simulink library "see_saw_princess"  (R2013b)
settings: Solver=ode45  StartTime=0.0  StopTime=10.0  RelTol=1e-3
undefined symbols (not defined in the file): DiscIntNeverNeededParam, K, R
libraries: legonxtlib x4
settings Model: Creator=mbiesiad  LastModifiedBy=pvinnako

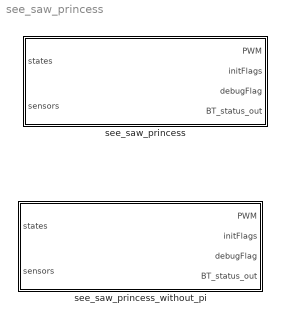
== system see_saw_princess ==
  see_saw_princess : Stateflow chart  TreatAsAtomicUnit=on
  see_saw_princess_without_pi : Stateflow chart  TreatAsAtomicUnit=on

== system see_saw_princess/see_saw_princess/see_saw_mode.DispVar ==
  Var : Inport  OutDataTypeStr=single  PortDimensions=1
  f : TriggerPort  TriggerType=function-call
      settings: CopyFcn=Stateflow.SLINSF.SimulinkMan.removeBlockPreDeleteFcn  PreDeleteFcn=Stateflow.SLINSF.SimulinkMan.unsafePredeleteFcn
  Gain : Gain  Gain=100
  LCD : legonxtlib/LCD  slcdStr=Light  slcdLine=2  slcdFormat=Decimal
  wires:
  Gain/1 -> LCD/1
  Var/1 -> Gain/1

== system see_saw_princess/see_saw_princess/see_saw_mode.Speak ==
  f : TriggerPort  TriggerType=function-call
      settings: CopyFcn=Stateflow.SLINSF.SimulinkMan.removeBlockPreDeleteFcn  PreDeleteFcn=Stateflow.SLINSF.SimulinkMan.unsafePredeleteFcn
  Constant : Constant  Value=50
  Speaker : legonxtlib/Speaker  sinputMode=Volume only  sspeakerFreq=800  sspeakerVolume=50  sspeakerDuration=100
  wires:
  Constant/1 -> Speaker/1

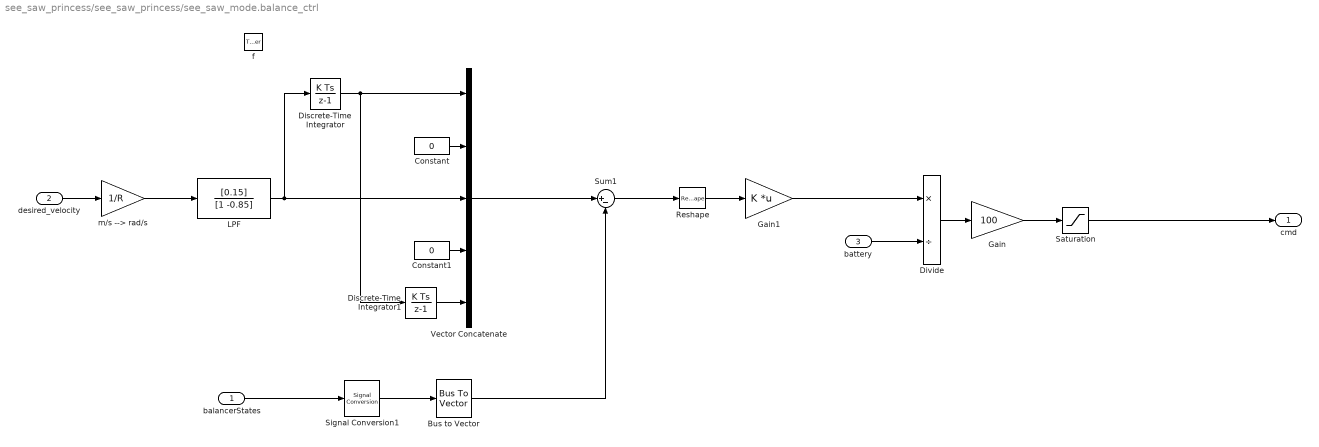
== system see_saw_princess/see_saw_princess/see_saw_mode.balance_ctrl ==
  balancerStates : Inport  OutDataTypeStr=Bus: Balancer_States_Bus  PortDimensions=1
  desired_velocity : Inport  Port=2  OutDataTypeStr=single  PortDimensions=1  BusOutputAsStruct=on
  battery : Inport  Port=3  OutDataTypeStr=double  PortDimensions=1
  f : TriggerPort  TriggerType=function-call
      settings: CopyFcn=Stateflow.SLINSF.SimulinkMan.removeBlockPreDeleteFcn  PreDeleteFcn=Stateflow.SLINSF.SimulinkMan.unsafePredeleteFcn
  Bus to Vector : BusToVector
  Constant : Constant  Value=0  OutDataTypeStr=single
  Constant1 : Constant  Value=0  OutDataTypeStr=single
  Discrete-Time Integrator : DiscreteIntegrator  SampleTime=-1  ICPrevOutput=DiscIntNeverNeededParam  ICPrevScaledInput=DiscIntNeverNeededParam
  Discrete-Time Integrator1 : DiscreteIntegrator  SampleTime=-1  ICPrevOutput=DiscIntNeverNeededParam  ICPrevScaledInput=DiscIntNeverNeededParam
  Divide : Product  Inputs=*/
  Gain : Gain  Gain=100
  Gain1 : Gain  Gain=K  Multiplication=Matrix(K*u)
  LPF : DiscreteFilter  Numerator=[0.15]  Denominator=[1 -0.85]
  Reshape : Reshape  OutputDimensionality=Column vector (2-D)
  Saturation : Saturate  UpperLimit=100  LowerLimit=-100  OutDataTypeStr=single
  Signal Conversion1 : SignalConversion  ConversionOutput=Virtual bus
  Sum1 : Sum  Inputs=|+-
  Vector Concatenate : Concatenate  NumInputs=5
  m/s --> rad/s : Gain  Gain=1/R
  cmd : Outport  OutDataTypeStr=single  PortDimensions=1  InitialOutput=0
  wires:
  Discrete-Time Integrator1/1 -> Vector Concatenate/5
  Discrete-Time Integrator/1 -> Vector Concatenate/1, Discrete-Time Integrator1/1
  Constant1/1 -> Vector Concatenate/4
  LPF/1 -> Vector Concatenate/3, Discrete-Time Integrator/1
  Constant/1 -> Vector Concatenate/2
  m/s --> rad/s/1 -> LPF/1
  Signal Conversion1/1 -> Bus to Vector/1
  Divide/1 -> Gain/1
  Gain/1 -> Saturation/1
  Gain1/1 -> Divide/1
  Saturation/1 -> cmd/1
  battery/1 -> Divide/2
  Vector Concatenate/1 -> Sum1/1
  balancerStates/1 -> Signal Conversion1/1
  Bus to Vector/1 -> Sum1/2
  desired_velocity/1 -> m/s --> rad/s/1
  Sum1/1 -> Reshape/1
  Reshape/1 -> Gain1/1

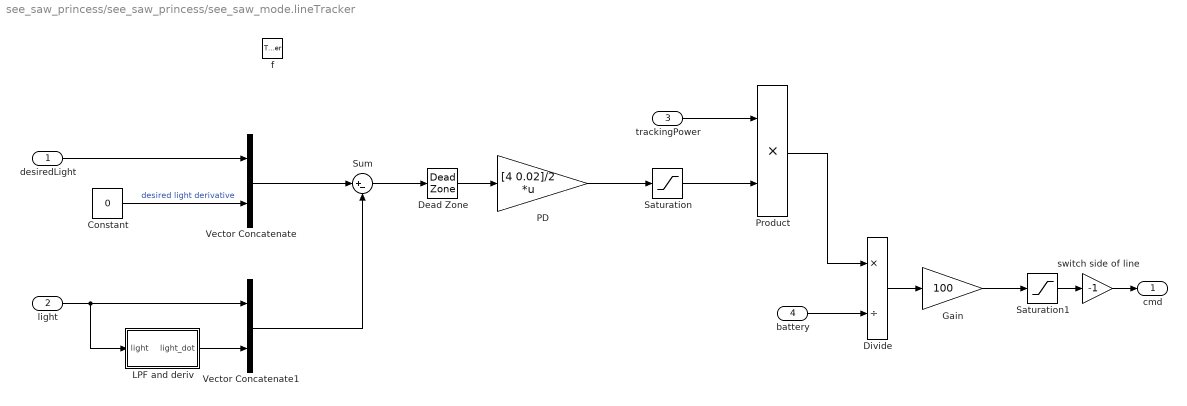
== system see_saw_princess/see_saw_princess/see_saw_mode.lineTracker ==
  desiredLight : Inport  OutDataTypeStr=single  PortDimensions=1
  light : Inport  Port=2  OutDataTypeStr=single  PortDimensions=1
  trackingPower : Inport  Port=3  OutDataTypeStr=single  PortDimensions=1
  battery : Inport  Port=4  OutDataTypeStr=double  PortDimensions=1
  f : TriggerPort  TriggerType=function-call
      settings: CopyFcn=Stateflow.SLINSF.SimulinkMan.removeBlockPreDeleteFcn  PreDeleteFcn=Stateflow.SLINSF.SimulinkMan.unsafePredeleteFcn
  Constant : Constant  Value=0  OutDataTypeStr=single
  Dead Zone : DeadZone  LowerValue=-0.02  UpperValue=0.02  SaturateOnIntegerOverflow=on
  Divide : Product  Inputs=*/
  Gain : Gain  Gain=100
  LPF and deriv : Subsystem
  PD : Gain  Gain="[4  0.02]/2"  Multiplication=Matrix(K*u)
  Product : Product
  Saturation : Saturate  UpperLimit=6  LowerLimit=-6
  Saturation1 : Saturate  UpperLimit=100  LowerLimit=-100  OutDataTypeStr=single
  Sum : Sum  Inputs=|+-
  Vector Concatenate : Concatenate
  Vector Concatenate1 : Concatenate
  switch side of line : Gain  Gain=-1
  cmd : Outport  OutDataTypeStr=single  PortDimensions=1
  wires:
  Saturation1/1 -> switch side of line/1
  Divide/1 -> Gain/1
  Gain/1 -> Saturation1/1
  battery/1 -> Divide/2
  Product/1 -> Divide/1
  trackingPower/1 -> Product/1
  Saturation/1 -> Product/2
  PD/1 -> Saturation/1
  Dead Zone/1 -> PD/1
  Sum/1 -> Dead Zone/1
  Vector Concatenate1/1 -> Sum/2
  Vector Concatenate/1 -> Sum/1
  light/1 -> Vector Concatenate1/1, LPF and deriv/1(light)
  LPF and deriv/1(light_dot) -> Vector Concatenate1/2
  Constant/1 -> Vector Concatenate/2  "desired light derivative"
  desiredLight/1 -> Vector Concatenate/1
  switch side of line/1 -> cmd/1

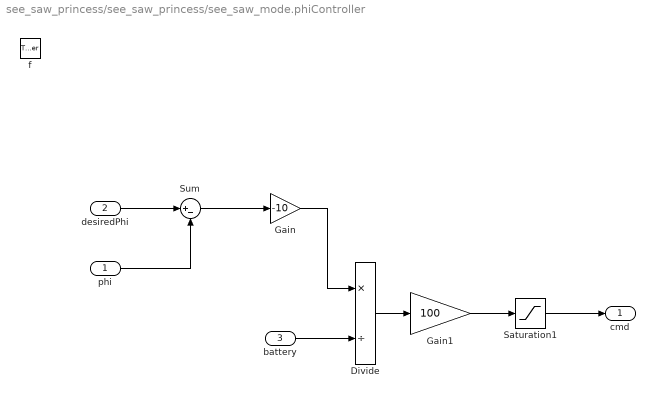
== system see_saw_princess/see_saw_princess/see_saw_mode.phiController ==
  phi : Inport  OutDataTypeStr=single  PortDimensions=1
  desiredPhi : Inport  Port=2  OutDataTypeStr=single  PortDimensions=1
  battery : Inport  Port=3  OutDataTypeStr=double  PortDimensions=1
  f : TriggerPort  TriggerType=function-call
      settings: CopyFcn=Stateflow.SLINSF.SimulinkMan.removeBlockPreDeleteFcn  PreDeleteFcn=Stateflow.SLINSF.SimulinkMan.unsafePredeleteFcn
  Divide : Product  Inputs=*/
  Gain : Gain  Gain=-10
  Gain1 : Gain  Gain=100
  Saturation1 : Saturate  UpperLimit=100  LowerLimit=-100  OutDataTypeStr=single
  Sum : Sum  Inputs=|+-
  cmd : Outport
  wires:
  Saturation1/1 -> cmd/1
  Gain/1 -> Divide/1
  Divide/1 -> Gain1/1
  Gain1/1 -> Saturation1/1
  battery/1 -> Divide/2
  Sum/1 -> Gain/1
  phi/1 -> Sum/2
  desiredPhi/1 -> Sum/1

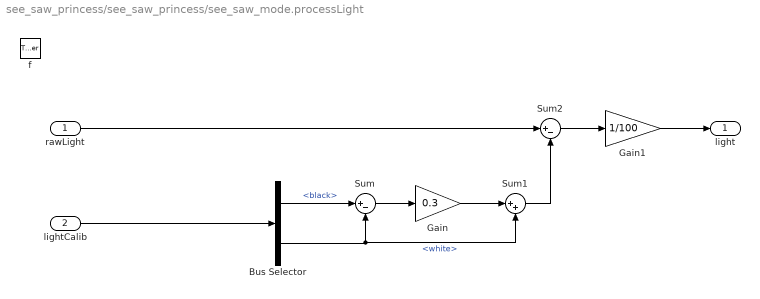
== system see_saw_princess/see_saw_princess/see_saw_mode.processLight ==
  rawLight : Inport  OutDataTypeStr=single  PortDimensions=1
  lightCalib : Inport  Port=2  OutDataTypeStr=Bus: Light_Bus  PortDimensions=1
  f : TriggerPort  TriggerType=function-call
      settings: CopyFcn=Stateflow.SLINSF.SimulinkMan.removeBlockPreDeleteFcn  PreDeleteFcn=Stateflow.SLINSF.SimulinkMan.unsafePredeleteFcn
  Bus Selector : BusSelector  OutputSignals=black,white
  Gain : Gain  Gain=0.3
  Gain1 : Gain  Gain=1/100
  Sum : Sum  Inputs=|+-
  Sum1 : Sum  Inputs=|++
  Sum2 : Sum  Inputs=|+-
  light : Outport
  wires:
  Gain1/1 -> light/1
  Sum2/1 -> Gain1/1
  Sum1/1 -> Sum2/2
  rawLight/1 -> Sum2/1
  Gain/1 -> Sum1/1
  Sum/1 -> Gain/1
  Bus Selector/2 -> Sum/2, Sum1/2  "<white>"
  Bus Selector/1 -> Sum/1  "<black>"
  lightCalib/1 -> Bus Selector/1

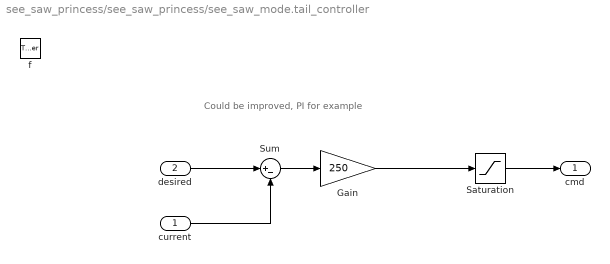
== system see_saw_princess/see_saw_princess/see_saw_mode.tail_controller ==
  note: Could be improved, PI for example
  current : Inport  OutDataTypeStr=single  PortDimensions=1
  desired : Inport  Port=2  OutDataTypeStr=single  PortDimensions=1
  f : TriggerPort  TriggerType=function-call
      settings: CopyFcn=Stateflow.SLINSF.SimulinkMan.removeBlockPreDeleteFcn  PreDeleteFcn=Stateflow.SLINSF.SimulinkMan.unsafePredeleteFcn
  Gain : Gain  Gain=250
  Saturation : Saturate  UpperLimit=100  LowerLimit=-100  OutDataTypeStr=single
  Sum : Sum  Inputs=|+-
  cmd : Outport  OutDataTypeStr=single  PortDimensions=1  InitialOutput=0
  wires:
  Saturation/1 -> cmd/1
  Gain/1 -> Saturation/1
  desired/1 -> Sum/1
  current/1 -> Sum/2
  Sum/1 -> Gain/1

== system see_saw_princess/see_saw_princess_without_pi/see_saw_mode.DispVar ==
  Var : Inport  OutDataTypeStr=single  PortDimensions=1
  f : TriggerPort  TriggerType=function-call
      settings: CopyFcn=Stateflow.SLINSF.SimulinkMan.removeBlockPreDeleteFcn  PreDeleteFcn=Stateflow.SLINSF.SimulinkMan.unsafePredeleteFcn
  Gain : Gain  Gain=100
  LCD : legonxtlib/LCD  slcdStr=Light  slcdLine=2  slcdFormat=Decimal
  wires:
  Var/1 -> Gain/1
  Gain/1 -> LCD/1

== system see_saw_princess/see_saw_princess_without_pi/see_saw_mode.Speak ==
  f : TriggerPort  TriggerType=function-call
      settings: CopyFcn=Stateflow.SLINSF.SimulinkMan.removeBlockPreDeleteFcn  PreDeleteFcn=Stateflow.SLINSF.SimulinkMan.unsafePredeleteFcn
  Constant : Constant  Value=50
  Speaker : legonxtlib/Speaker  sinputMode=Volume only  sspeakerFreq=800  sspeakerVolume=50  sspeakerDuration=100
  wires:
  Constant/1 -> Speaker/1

+ + + + +

# [WORK TO BE COMPLETED]
Output exactly the stretch of the listing that begins at the line containing "Bus to Vector/1 -> Sum1/2" and ends at the line containing "switch side of line : Gain", both kept. Omit pictures and everything else.

# [RESULT]
  Bus to Vector/1 -> Sum1/2
  desired_velocity/1 -> m/s --> rad/s/1
  Sum1/1 -> Reshape/1
  Reshape/1 -> Gain1/1

== system see_saw_princess/see_saw_princess/see_saw_mode.lineTracker ==
  desiredLight : Inport  OutDataTypeStr=single  PortDimensions=1
  light : Inport  Port=2  OutDataTypeStr=single  PortDimensions=1
  trackingPower : Inport  Port=3  OutDataTypeStr=single  PortDimensions=1
  battery : Inport  Port=4  OutDataTypeStr=double  PortDimensions=1
  f : TriggerPort  TriggerType=function-call
      settings: CopyFcn=Stateflow.SLINSF.SimulinkMan.removeBlockPreDeleteFcn  PreDeleteFcn=Stateflow.SLINSF.SimulinkMan.unsafePredeleteFcn
  Constant : Constant  Value=0  OutDataTypeStr=single
  Dead Zone : DeadZone  LowerValue=-0.02  UpperValue=0.02  SaturateOnIntegerOverflow=on
  Divide : Product  Inputs=*/
  Gain : Gain  Gain=100
  LPF and deriv : Subsystem
  PD : Gain  Gain="[4  0.02]/2"  Multiplication=Matrix(K*u)
  Product : Product
  Saturation : Saturate  UpperLimit=6  LowerLimit=-6
  Saturation1 : Saturate  UpperLimit=100  LowerLimit=-100  OutDataTypeStr=single
  Sum : Sum  Inputs=|+-
  Vector Concatenate : Concatenate
  Vector Concatenate1 : Concatenate
  switch side of line : Gain  Gain=-1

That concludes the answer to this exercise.